▶ Task directions
Omit the images and retype the records verbatim.

▶ Stored data
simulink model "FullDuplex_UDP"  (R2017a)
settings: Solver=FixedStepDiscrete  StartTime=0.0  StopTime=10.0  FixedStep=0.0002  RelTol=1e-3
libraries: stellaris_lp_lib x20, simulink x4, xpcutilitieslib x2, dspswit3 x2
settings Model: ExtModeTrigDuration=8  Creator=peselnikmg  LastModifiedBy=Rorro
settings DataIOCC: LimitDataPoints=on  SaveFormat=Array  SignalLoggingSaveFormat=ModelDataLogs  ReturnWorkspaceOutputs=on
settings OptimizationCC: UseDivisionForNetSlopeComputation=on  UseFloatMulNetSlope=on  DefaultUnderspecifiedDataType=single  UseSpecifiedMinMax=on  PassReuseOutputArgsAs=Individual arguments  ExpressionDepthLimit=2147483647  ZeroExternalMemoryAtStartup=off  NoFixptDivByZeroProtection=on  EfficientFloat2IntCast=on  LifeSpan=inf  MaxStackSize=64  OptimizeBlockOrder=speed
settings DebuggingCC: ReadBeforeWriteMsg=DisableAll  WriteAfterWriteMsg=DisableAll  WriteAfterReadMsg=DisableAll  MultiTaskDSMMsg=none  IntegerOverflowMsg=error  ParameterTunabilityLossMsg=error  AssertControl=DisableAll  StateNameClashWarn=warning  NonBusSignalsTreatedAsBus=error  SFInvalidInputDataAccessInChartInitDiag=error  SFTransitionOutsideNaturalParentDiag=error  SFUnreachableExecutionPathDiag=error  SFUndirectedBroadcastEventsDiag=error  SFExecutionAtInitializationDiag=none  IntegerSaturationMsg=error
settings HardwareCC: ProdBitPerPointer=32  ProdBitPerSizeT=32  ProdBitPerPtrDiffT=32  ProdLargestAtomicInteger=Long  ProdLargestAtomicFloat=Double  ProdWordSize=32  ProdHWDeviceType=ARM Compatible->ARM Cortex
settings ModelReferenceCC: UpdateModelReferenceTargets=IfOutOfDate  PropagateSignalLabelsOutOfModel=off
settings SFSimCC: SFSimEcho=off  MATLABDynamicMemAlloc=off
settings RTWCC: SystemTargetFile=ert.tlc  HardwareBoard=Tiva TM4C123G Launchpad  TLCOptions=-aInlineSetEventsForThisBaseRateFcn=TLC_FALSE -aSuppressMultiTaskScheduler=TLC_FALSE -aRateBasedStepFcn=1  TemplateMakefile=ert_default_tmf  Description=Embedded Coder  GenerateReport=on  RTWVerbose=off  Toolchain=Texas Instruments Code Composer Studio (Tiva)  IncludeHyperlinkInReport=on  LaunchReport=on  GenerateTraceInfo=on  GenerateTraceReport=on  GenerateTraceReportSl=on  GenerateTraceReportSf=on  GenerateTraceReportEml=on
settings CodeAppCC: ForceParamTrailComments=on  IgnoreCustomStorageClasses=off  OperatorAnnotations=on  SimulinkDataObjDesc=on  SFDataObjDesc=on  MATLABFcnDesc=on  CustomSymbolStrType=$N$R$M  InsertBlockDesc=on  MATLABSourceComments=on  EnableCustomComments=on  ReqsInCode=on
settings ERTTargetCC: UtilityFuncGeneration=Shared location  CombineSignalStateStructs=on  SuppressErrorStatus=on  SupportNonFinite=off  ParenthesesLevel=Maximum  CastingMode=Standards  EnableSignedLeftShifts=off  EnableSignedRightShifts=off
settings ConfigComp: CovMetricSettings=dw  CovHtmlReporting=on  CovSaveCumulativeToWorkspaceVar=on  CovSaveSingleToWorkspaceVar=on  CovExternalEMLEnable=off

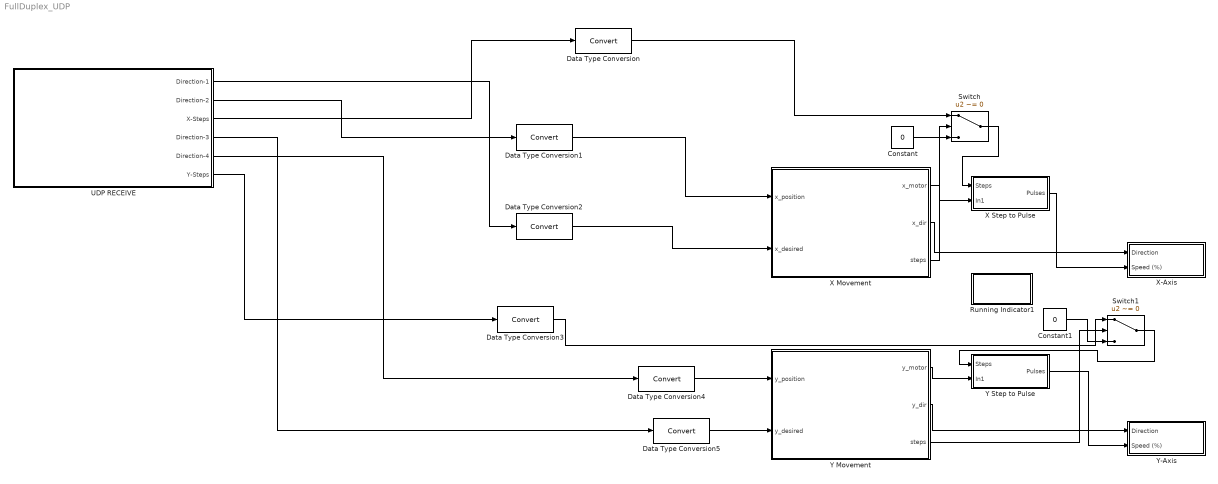
== system FullDuplex_UDP ==
  Constant : Constant  Value=0
  Constant1 : Constant  Value=0
  Data Type Conversion{,1..5} (6 alike) : DataTypeConversion
  Running Indicator1 : Subsystem
  Switch : Switch  Criteria=u2 ~= 0
  Switch1 : Switch  Criteria=u2 ~= 0
  UDP RECEIVE : Subsystem
  X Movement : Stateflow chart  TreatAsAtomicUnit=on
  X Step to Pulse : Subsystem  TreatAsAtomicUnit=on
  X-Axis : Subsystem
  Y Movement : Stateflow chart  TreatAsAtomicUnit=on
  Y Step to Pulse : Subsystem  TreatAsAtomicUnit=on
  Y-Axis : Subsystem
  wires:
  UDP RECEIVE/3(X-Steps) -> Data Type Conversion/1
  Data Type Conversion2/1 -> X Movement/2(x_desired)
  Data Type Conversion1/1 -> X Movement/1(x_position)
  UDP RECEIVE/1("Direction-1 ") -> Data Type Conversion2/1
  UDP RECEIVE/2("Direction-2 ") -> Data Type Conversion1/1
  Y Movement/2(y_dir) -> Y-Axis/1(Direction)
  Y Step to Pulse/1(Pulses) -> Y-Axis/2(Speed (%))
  X Movement/2(x_dir) -> X-Axis/1(Direction)
  Y Movement/1(y_motor) -> Y Step to Pulse/2(In1)
  X Movement/1(x_motor) -> X Step to Pulse/2(In1)
  X Step to Pulse/1(Pulses) -> X-Axis/2(Speed (%))
  UDP RECEIVE/4("Direction-3 ") -> Data Type Conversion5/1
  Data Type Conversion5/1 -> Y Movement/2(y_desired)
  UDP RECEIVE/5("Direction-4 ") -> Data Type Conversion4/1
  Data Type Conversion4/1 -> Y Movement/1(y_position)
  UDP RECEIVE/6(Y-Steps) -> Data Type Conversion3/1
  Data Type Conversion/1 -> Switch/1
  Constant/1 -> Switch/3
  X Movement/3(steps) -> Switch/2
  Switch/1 -> X Step to Pulse/1(Steps)
  Y Movement/3(steps) -> Switch1/2
  Constant1/1 -> Switch1/3
  Switch1/1 -> Y Step to Pulse/1(Steps)
  Data Type Conversion3/1 -> Switch1/1

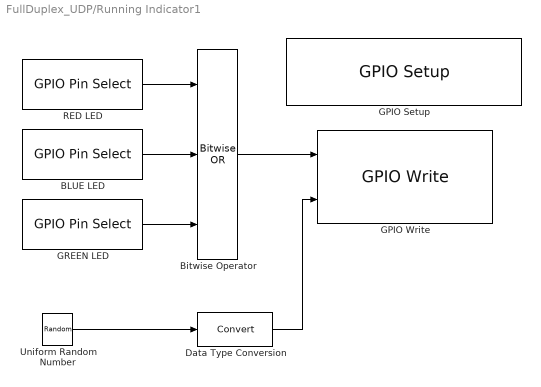
== system FullDuplex_UDP/Running Indicator1 ==
  BLUE LED : stellaris_lp_lib/GPIO/GPIO Pin Select  GPIO_PIN_X=GPIO_PIN_2
      settings: SourceProductName=Run on Stellaris LaunchPad
  Bitwise Operator : simulink/Logic and Bit Operations/Bitwise Operator  logicop=OR  UseBitMask=off  NumInputPorts=3  BitMask=bin2dec('11011001')  BitMaskRealWorld=Stored Integer
  Data Type Conversion : DataTypeConversion
  GPIO Setup : stellaris_lp_lib/GPIO/GPIO Setup  GPIO_PORTX_BASE=GPIO_PORTF_BASE  PinsOutput_0=Input  PinsOutput_1=Output  PinsOutput_2=Output  PinsOutput_3=Output  PinsOutput_4=Input  PinsOutput_5=Input  PinsOutput_6=Input  PinsOutput_7=Input
      settings: SourceProductName=Run on Stellaris LaunchPad
  GPIO Write : stellaris_lp_lib/GPIO/GPIO Write  GPIO_PORTX_BASE=GPIO_PORTF_BASE  SampleTime=-1
      settings: SourceProductName=Run on Stellaris LaunchPad
  GREEN LED : stellaris_lp_lib/GPIO/GPIO Pin Select  GPIO_PIN_X=GPIO_PIN_3
      settings: SourceProductName=Run on Stellaris LaunchPad
  RED LED : stellaris_lp_lib/GPIO/GPIO Pin Select  GPIO_PIN_X=GPIO_PIN_1
      settings: SourceProductName=Run on Stellaris LaunchPad
  Uniform Random Number : UniformRandomNumber  Minimum=0  Maximum=2  SampleTime=0.2
  wires:
  BLUE LED/1 -> Bitwise Operator/2
  RED LED/1 -> Bitwise Operator/1
  GREEN LED/1 -> Bitwise Operator/3
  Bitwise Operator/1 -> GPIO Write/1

▶ Solution for this task
simulink model "FullDuplex_UDP"  (R2017a)
settings: Solver=FixedStepDiscrete  StartTime=0.0  StopTime=10.0  FixedStep=0.0002  RelTol=1e-3
libraries: stellaris_lp_lib x20, simulink x4, xpcutilitieslib x2, dspswit3 x2
settings Model: ExtModeTrigDuration=8  Creator=peselnikmg  LastModifiedBy=Rorro
settings DataIOCC: LimitDataPoints=on  SaveFormat=Array  SignalLoggingSaveFormat=ModelDataLogs  ReturnWorkspaceOutputs=on
settings OptimizationCC: UseDivisionForNetSlopeComputation=on  UseFloatMulNetSlope=on  DefaultUnderspecifiedDataType=single  UseSpecifiedMinMax=on  PassReuseOutputArgsAs=Individual arguments  ExpressionDepthLimit=2147483647  ZeroExternalMemoryAtStartup=off  NoFixptDivByZeroProtection=on  EfficientFloat2IntCast=on  LifeSpan=inf  MaxStackSize=64  OptimizeBlockOrder=speed
settings DebuggingCC: ReadBeforeWriteMsg=DisableAll  WriteAfterWriteMsg=DisableAll  WriteAfterReadMsg=DisableAll  MultiTaskDSMMsg=none  IntegerOverflowMsg=error  ParameterTunabilityLossMsg=error  AssertControl=DisableAll  StateNameClashWarn=warning  NonBusSignalsTreatedAsBus=error  SFInvalidInputDataAccessInChartInitDiag=error  SFTransitionOutsideNaturalParentDiag=error  SFUnreachableExecutionPathDiag=error  SFUndirectedBroadcastEventsDiag=error  SFExecutionAtInitializationDiag=none  IntegerSaturationMsg=error
settings HardwareCC: ProdBitPerPointer=32  ProdBitPerSizeT=32  ProdBitPerPtrDiffT=32  ProdLargestAtomicInteger=Long  ProdLargestAtomicFloat=Double  ProdWordSize=32  ProdHWDeviceType=ARM Compatible->ARM Cortex
settings ModelReferenceCC: UpdateModelReferenceTargets=IfOutOfDate  PropagateSignalLabelsOutOfModel=off
settings SFSimCC: SFSimEcho=off  MATLABDynamicMemAlloc=off
settings RTWCC: SystemTargetFile=ert.tlc  HardwareBoard=Tiva TM4C123G Launchpad  TLCOptions=-aInlineSetEventsForThisBaseRateFcn=TLC_FALSE -aSuppressMultiTaskScheduler=TLC_FALSE -aRateBasedStepFcn=1  TemplateMakefile=ert_default_tmf  Description=Embedded Coder  GenerateReport=on  RTWVerbose=off  Toolchain=Texas Instruments Code Composer Studio (Tiva)  IncludeHyperlinkInReport=on  LaunchReport=on  GenerateTraceInfo=on  GenerateTraceReport=on  GenerateTraceReportSl=on  GenerateTraceReportSf=on  GenerateTraceReportEml=on
settings CodeAppCC: ForceParamTrailComments=on  IgnoreCustomStorageClasses=off  OperatorAnnotations=on  SimulinkDataObjDesc=on  SFDataObjDesc=on  MATLABFcnDesc=on  CustomSymbolStrType=$N$R$M  InsertBlockDesc=on  MATLABSourceComments=on  EnableCustomComments=on  ReqsInCode=on
settings ERTTargetCC: UtilityFuncGeneration=Shared location  CombineSignalStateStructs=on  SuppressErrorStatus=on  SupportNonFinite=off  ParenthesesLevel=Maximum  CastingMode=Standards  EnableSignedLeftShifts=off  EnableSignedRightShifts=off
settings ConfigComp: CovMetricSettings=dw  CovHtmlReporting=on  CovSaveCumulativeToWorkspaceVar=on  CovSaveSingleToWorkspaceVar=on  CovExternalEMLEnable=off

== system FullDuplex_UDP ==
  Constant : Constant  Value=0
  Constant1 : Constant  Value=0
  Data Type Conversion{,1..5} (6 alike) : DataTypeConversion
  Running Indicator1 : Subsystem
  Switch : Switch  Criteria=u2 ~= 0
  Switch1 : Switch  Criteria=u2 ~= 0
  UDP RECEIVE : Subsystem
  X Movement : Stateflow chart  TreatAsAtomicUnit=on
  X Step to Pulse : Subsystem  TreatAsAtomicUnit=on
  X-Axis : Subsystem
  Y Movement : Stateflow chart  TreatAsAtomicUnit=on
  Y Step to Pulse : Subsystem  TreatAsAtomicUnit=on
  Y-Axis : Subsystem
  wires:
  UDP RECEIVE/3(X-Steps) -> Data Type Conversion/1
  Data Type Conversion2/1 -> X Movement/2(x_desired)
  Data Type Conversion1/1 -> X Movement/1(x_position)
  UDP RECEIVE/1("Direction-1 ") -> Data Type Conversion2/1
  UDP RECEIVE/2("Direction-2 ") -> Data Type Conversion1/1
  Y Movement/2(y_dir) -> Y-Axis/1(Direction)
  Y Step to Pulse/1(Pulses) -> Y-Axis/2(Speed (%))
  X Movement/2(x_dir) -> X-Axis/1(Direction)
  Y Movement/1(y_motor) -> Y Step to Pulse/2(In1)
  X Movement/1(x_motor) -> X Step to Pulse/2(In1)
  X Step to Pulse/1(Pulses) -> X-Axis/2(Speed (%))
  UDP RECEIVE/4("Direction-3 ") -> Data Type Conversion5/1
  Data Type Conversion5/1 -> Y Movement/2(y_desired)
  UDP RECEIVE/5("Direction-4 ") -> Data Type Conversion4/1
  Data Type Conversion4/1 -> Y Movement/1(y_position)
  UDP RECEIVE/6(Y-Steps) -> Data Type Conversion3/1
  Data Type Conversion/1 -> Switch/1
  Constant/1 -> Switch/3
  X Movement/3(steps) -> Switch/2
  Switch/1 -> X Step to Pulse/1(Steps)
  Y Movement/3(steps) -> Switch1/2
  Constant1/1 -> Switch1/3
  Switch1/1 -> Y Step to Pulse/1(Steps)
  Data Type Conversion3/1 -> Switch1/1

== system FullDuplex_UDP/Running Indicator1 ==
  BLUE LED : stellaris_lp_lib/GPIO/GPIO Pin Select  GPIO_PIN_X=GPIO_PIN_2
      settings: SourceProductName=Run on Stellaris LaunchPad
  Bitwise Operator : simulink/Logic and Bit Operations/Bitwise Operator  logicop=OR  UseBitMask=off  NumInputPorts=3  BitMask=bin2dec('11011001')  BitMaskRealWorld=Stored Integer
  Data Type Conversion : DataTypeConversion
  GPIO Setup : stellaris_lp_lib/GPIO/GPIO Setup  GPIO_PORTX_BASE=GPIO_PORTF_BASE  PinsOutput_0=Input  PinsOutput_1=Output  PinsOutput_2=Output  PinsOutput_3=Output  PinsOutput_4=Input  PinsOutput_5=Input  PinsOutput_6=Input  PinsOutput_7=Input
      settings: SourceProductName=Run on Stellaris LaunchPad
  GPIO Write : stellaris_lp_lib/GPIO/GPIO Write  GPIO_PORTX_BASE=GPIO_PORTF_BASE  SampleTime=-1
      settings: SourceProductName=Run on Stellaris LaunchPad
  GREEN LED : stellaris_lp_lib/GPIO/GPIO Pin Select  GPIO_PIN_X=GPIO_PIN_3
      settings: SourceProductName=Run on Stellaris LaunchPad
  RED LED : stellaris_lp_lib/GPIO/GPIO Pin Select  GPIO_PIN_X=GPIO_PIN_1
      settings: SourceProductName=Run on Stellaris LaunchPad
  Uniform Random Number : UniformRandomNumber  Minimum=0  Maximum=2  SampleTime=0.2
  wires:
  BLUE LED/1 -> Bitwise Operator/2
  RED LED/1 -> Bitwise Operator/1
  GREEN LED/1 -> Bitwise Operator/3
  Bitwise Operator/1 -> GPIO Write/1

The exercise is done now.